15年前の「奇跡の一戦」を振り返る――“2年連続日本一”絶対王者・法政大に挑んだ“偏差値70超”の頭脳集団・一橋大アメフト部…勝負の行方は?<Number Web> photograph by 取材対象者提供

半年以上をかけて準備した秘策をもってついに迎えた絶対王者・法政大戦。その戦いは予想もしない展開へともつれこむことに…

 例えばオフェンスライン全体を右に動かして右サイドのプレーのようにみせ、ボールキャリアは左側へ動かす。すると異常な反応速度を誇る法政ディフェンスは、右に振られる。普通に考えればブロックが薄くなるリスクはあるが、この年の一橋には日本トップクラスのRBである渡辺がいた。刹那でも反応が遅れてくれれば、渡辺の足なら一気に抜け出すことができる。

「それは思っていた以上に決まりました。ただ、そこから法政の選手が戻って来る速さも想定を超えていた。ひっかかってはくれるのに、思ったほどゲインできない。1発タッチダウンが取れてもいいはずのプレーが、20ヤードで止まっちゃう。そういう小さな違和感はずっとあって、大量得点は無理だな……という感じでした」

 そして第3クオーターの終わり、ゲームの命運を決めるプレーが起きる。

 法政大が一橋大のゴール直前まで攻め込んだものの、3度の攻撃でファーストダウンを更新できない。キックで3点を取っても、一橋大にタッチダウンを返されれば逆転されてしまう。通常、アメフトでは4回目の最後の攻撃は陣地回復のためにキックを蹴るが、いまはすでに敵陣の奥深くだ。
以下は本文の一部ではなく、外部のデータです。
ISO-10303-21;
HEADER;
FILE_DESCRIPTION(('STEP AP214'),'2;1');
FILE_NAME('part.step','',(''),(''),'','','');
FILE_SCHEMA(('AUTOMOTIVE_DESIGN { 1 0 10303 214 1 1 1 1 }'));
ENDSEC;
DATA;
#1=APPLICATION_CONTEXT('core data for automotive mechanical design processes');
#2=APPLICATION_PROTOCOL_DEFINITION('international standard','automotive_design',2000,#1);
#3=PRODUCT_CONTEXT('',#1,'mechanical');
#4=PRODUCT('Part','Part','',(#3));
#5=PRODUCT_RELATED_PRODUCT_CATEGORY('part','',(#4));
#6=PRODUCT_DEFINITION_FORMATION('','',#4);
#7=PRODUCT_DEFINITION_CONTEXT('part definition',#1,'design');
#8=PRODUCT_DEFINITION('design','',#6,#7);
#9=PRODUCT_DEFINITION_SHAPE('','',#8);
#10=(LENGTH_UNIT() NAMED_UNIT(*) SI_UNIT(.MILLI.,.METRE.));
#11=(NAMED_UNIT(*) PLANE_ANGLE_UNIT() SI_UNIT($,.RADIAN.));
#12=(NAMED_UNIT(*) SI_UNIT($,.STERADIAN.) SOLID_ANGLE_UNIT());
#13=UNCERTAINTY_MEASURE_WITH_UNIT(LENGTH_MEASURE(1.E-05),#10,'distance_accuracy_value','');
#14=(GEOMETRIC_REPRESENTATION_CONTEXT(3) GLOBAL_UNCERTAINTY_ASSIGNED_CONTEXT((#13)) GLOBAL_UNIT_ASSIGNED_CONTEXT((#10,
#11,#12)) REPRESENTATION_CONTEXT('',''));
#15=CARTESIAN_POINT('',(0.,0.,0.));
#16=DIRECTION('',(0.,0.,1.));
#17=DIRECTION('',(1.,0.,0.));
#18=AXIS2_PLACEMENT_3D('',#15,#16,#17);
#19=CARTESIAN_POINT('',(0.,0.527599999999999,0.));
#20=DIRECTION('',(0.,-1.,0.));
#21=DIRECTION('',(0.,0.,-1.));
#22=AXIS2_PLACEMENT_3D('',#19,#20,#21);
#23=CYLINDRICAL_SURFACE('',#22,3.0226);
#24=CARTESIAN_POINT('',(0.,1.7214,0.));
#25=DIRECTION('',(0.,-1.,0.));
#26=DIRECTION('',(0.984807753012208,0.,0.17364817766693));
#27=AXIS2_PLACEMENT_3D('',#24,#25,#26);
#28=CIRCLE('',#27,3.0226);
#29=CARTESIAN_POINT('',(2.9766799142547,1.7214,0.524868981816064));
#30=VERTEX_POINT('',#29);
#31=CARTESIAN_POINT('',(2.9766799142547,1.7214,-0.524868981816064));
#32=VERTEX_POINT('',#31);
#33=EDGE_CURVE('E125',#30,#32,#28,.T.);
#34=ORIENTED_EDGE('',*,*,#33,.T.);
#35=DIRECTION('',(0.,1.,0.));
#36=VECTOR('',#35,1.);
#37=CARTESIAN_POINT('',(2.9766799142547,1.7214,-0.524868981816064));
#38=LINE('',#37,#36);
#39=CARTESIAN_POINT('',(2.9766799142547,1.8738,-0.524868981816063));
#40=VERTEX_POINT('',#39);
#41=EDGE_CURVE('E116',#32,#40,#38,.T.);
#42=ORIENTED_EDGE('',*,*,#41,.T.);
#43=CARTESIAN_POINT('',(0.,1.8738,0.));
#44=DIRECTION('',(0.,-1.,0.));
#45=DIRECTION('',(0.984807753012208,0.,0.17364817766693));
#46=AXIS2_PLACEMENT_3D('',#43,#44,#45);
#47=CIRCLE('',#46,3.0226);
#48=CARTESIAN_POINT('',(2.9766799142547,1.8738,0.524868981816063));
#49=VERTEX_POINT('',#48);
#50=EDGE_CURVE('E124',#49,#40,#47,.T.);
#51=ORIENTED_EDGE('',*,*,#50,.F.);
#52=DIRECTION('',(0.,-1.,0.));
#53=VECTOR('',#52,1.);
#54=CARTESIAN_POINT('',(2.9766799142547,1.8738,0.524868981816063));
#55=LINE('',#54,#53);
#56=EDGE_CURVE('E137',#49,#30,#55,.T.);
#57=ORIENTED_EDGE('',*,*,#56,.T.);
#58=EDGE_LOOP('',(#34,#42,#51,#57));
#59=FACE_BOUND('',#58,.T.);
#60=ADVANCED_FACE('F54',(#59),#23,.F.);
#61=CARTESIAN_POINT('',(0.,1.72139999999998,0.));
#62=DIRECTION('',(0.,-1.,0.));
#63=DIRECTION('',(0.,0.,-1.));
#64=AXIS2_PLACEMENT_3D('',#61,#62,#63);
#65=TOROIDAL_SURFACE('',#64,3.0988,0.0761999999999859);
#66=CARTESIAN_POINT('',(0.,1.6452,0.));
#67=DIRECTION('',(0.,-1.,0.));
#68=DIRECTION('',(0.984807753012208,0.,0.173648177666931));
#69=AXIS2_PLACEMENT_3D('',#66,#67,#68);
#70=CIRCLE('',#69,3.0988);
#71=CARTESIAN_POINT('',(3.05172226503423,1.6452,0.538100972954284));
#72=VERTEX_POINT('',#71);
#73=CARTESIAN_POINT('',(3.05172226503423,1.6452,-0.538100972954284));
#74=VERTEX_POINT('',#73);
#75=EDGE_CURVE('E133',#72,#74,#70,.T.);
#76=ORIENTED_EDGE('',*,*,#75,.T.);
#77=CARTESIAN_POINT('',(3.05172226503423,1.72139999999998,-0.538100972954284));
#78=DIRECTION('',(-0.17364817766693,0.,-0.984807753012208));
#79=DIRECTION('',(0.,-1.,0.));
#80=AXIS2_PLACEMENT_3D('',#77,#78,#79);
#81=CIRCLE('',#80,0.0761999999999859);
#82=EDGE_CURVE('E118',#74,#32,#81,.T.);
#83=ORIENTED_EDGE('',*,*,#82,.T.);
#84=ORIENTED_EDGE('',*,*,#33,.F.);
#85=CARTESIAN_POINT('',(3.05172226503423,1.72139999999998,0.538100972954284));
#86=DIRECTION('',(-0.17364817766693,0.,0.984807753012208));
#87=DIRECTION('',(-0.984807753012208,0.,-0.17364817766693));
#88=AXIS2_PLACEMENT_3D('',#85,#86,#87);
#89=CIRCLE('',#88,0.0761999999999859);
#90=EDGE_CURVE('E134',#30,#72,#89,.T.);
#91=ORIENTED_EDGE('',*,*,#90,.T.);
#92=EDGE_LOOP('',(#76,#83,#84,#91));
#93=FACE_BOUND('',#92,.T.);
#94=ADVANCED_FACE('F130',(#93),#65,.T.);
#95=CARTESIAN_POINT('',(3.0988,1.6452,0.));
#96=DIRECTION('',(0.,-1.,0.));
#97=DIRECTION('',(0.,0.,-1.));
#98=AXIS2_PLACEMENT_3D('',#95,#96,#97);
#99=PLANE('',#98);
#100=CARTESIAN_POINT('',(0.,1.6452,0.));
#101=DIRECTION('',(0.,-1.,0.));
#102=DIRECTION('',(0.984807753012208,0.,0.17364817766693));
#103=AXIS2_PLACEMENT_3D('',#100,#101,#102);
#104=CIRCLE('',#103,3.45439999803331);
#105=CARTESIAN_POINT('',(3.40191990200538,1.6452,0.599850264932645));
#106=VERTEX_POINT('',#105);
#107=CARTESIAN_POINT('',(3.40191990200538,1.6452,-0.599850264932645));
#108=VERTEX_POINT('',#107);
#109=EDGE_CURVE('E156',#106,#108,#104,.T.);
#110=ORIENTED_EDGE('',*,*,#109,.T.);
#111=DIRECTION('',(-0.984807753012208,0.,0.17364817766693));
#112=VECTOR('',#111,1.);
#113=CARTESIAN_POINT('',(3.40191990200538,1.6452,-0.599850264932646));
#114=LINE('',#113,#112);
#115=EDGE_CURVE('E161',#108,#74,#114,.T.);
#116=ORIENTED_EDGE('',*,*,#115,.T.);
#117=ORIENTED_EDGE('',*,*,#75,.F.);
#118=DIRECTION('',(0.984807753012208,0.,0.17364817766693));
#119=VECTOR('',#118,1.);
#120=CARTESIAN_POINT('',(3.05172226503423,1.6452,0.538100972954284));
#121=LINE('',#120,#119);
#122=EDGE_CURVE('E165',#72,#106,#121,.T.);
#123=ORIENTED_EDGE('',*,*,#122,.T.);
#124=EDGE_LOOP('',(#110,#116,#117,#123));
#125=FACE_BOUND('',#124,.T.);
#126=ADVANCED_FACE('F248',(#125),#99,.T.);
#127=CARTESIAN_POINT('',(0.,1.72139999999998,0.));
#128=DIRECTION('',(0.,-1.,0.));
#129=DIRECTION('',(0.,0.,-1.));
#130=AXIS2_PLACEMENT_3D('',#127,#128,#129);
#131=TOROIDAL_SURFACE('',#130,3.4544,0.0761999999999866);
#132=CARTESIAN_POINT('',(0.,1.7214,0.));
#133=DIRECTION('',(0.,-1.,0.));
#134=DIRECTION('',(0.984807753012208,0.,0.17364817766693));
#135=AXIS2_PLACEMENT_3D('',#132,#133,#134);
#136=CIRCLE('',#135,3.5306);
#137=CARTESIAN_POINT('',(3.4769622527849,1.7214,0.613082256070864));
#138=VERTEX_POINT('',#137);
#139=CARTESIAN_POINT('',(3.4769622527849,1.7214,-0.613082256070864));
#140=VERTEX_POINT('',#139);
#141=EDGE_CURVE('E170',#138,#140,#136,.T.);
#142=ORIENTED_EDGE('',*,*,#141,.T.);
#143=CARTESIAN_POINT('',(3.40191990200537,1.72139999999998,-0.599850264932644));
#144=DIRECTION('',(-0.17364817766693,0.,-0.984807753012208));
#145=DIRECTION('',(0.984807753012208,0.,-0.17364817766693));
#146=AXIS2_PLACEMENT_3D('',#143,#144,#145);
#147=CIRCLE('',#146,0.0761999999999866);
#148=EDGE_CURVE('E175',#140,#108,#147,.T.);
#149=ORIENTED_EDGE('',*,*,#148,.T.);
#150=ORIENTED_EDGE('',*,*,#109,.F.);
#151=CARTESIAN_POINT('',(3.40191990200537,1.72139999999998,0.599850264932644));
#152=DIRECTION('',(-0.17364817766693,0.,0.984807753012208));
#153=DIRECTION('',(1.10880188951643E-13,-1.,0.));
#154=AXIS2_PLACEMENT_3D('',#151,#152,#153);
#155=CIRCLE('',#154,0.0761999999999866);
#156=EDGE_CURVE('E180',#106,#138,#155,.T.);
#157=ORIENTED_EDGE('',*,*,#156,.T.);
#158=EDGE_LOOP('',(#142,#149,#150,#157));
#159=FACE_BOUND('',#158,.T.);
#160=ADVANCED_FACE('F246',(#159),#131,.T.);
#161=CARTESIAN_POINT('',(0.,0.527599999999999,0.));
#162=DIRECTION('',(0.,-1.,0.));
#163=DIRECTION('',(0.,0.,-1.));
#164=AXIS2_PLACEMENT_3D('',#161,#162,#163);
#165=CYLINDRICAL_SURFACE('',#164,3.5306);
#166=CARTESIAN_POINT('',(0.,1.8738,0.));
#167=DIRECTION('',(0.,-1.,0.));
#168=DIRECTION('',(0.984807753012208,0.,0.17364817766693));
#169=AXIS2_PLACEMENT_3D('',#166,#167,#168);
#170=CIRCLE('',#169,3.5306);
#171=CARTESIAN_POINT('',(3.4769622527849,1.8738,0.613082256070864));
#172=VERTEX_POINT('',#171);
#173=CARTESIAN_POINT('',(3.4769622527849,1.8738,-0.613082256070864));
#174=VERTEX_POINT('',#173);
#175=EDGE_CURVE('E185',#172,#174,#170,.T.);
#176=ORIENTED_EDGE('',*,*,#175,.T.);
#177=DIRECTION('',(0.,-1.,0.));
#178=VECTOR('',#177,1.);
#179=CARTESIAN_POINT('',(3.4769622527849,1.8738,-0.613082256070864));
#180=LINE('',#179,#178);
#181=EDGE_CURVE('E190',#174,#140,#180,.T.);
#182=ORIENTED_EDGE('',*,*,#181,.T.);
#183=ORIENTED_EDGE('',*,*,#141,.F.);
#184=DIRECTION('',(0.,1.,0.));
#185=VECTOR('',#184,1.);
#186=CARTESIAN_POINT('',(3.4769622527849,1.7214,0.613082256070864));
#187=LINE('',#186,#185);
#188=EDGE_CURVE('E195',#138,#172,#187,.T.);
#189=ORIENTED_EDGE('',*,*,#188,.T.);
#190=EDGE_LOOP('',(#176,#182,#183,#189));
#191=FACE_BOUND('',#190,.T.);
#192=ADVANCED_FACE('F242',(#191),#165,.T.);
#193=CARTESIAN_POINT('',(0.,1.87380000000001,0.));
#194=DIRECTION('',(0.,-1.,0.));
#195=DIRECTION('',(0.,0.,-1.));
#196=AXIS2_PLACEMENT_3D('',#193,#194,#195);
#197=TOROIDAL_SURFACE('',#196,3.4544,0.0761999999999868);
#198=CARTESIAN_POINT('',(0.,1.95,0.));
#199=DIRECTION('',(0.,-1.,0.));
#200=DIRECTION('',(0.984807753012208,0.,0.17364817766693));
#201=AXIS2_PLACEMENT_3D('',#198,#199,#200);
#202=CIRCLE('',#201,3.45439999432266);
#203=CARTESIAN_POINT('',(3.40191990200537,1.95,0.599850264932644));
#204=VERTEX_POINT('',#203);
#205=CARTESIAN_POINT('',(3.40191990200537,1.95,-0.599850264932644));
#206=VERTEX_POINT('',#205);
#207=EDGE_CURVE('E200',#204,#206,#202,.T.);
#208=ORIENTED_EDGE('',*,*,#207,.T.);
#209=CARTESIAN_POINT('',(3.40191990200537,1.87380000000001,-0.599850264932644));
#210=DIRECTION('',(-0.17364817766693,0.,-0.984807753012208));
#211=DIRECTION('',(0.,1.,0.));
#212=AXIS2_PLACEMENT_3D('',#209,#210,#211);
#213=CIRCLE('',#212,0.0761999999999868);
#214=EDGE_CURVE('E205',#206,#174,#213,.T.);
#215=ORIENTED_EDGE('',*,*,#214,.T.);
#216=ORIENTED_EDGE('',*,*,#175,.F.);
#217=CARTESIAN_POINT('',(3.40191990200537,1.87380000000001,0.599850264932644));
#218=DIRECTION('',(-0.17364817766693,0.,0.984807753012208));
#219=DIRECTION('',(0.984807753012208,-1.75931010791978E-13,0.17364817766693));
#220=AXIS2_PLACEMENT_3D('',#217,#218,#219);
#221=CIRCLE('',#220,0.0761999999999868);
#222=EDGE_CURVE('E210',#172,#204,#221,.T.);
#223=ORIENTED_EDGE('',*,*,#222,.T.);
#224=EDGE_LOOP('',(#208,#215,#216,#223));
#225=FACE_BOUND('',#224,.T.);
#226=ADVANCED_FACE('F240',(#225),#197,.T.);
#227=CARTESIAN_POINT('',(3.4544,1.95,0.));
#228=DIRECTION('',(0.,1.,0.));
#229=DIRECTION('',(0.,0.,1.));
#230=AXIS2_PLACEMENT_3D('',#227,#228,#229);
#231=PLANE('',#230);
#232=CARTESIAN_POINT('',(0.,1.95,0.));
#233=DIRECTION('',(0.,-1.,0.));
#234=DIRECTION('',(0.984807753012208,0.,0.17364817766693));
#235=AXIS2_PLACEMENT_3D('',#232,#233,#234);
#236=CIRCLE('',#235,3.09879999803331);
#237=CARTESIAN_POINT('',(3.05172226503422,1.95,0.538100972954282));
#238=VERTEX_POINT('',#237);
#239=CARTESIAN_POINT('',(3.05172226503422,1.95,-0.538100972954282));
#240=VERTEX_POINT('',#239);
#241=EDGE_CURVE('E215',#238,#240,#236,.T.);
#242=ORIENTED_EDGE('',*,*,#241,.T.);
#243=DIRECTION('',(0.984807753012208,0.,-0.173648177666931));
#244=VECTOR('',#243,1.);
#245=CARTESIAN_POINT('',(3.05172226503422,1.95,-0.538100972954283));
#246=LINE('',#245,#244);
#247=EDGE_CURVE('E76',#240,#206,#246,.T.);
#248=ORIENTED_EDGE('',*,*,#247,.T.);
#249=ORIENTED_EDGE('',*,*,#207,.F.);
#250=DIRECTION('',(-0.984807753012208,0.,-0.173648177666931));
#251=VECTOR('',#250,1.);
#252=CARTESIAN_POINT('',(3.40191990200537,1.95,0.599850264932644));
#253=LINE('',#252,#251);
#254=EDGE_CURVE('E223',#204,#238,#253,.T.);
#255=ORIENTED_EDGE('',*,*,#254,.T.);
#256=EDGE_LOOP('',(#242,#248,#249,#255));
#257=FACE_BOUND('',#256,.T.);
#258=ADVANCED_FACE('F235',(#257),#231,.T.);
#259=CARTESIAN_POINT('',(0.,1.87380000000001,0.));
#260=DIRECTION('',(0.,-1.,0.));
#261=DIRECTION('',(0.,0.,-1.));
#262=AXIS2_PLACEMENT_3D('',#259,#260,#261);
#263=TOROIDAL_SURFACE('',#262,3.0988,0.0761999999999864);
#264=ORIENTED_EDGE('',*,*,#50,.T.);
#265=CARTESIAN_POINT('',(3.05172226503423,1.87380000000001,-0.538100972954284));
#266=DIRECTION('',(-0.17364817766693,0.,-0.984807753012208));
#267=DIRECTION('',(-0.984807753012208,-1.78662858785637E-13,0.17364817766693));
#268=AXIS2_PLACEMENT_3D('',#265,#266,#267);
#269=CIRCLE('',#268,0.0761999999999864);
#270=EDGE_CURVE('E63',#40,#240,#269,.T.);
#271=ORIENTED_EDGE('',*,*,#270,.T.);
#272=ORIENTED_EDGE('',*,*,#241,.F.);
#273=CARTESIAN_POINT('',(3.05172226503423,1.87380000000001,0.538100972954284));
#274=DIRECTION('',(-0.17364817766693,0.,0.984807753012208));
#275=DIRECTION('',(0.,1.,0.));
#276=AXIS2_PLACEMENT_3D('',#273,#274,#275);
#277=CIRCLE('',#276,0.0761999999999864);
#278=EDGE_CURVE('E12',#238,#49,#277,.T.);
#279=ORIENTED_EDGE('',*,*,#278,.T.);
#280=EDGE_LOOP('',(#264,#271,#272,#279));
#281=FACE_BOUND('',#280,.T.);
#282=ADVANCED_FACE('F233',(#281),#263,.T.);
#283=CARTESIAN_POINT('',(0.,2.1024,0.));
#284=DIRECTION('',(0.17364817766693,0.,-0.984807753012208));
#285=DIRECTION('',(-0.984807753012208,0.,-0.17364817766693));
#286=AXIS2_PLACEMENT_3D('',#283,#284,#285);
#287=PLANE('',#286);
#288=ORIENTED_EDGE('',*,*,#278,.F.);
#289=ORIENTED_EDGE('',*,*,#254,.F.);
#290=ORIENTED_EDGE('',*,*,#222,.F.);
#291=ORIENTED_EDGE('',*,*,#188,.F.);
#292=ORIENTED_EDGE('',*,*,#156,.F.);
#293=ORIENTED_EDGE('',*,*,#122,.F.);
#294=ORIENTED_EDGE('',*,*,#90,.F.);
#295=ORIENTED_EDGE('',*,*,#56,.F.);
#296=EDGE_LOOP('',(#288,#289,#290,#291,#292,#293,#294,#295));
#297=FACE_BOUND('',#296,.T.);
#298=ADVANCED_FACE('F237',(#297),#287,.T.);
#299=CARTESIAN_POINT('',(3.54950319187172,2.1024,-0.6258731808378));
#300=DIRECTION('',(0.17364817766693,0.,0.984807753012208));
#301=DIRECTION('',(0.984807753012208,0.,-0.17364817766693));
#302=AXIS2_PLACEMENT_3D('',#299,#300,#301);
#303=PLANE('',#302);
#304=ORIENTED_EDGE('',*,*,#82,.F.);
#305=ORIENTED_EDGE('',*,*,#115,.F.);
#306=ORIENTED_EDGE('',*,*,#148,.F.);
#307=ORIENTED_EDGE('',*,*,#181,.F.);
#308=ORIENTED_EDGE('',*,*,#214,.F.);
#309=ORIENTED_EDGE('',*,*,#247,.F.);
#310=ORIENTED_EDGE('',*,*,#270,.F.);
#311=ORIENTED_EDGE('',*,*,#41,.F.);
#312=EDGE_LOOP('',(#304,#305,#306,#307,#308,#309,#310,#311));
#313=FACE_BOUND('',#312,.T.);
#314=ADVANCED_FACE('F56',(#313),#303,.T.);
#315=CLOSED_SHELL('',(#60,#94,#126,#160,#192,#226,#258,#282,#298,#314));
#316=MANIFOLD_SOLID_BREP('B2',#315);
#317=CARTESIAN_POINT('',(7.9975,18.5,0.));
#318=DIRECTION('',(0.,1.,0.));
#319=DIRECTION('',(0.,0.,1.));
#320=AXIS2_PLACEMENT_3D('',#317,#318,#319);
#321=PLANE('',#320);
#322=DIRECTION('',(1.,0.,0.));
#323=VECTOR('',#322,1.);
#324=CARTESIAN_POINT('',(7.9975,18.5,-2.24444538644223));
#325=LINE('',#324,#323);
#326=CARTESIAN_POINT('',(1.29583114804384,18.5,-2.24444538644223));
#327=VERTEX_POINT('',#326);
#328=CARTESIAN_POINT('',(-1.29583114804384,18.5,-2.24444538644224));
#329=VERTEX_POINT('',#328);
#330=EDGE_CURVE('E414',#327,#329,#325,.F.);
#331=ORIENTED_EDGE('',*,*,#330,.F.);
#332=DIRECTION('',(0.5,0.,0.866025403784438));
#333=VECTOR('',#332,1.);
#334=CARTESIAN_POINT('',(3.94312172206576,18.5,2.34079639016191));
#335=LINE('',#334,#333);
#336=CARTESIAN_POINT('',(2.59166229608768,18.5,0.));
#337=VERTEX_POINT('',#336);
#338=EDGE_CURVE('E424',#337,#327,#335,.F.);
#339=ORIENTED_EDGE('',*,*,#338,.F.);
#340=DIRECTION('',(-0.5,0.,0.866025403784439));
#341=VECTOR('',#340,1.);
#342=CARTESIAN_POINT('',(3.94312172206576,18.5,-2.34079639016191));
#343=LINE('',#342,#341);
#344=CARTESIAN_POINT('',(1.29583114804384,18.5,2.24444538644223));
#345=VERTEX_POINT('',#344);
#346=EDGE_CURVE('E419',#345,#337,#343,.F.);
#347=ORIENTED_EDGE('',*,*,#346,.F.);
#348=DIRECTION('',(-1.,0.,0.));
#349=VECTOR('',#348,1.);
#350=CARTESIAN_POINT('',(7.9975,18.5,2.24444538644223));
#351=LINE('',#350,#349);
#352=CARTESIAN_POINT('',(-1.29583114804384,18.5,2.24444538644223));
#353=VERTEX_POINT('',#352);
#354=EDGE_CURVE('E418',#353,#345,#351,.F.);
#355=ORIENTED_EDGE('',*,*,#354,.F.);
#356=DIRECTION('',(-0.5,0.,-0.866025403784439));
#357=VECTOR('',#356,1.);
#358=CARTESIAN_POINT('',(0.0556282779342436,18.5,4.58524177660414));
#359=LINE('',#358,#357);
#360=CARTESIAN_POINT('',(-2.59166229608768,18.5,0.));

法政大はタッチダウンを狙ってギャンブルに打って出た。

 結果的に法政大は、このギャンブルに失敗する。タッチダウンパスを狙った菅原は、ボールを投げることができなかった。

守備の検討、相手エースのケガ…流れは一橋のはずが?

 そして、ここで予想外の出来事が重なる。

 そのままタックルを受けた際、菅原が利き手の指を負傷してゲーム続行が不可能になったのだ。ゴール前の相手の攻撃をシャットアウトし、しかも相手の絶対的エースが負傷交代。

 流れは完全に一橋大に傾いていた。

 ディフェンスはこのまま相手を抑えればいい。しかも司令塔の大黒柱が退いており、難易度は格段に下がる。オフェンスも苦戦はするが全く歯が立たないわけではない。時間を使って、最後に1本でもキックかタッチダウンが取れればいい――それが最終クオーター前の一橋大の青写真だった。

 だが、勝負の綾というのは本当に難しい。“カミカゼ”隊形のキーマンでもあったディフェンスラインの千田一臣が振り返る。

「攻撃を止めて、菅原が下がって、イケイケムードのはずのこっちの攻撃がめちゃくちゃあっさり止まってしまったんです。スペシャルなプレーがあったわけじゃない。でも、そこで急に空気が冷え込んだというか……本当に突然、モメンタムが向こうに行ってしまうのが目に見えた。『あれ?なんか流れ悪いな』って」

 試合開始からここまでずっと、「格上の法政相手に一橋が挑む」という戦前の構図通りの戦いが続いていた。ところが、点数こそ負けているとはいえ、ここで初めて主導権が一橋側に動いてきた。いまとなっては真実は分からないが、初めて感じた「勝利」の気配が、逆にオフェンスチームの足を止めてしまったのかもしれない。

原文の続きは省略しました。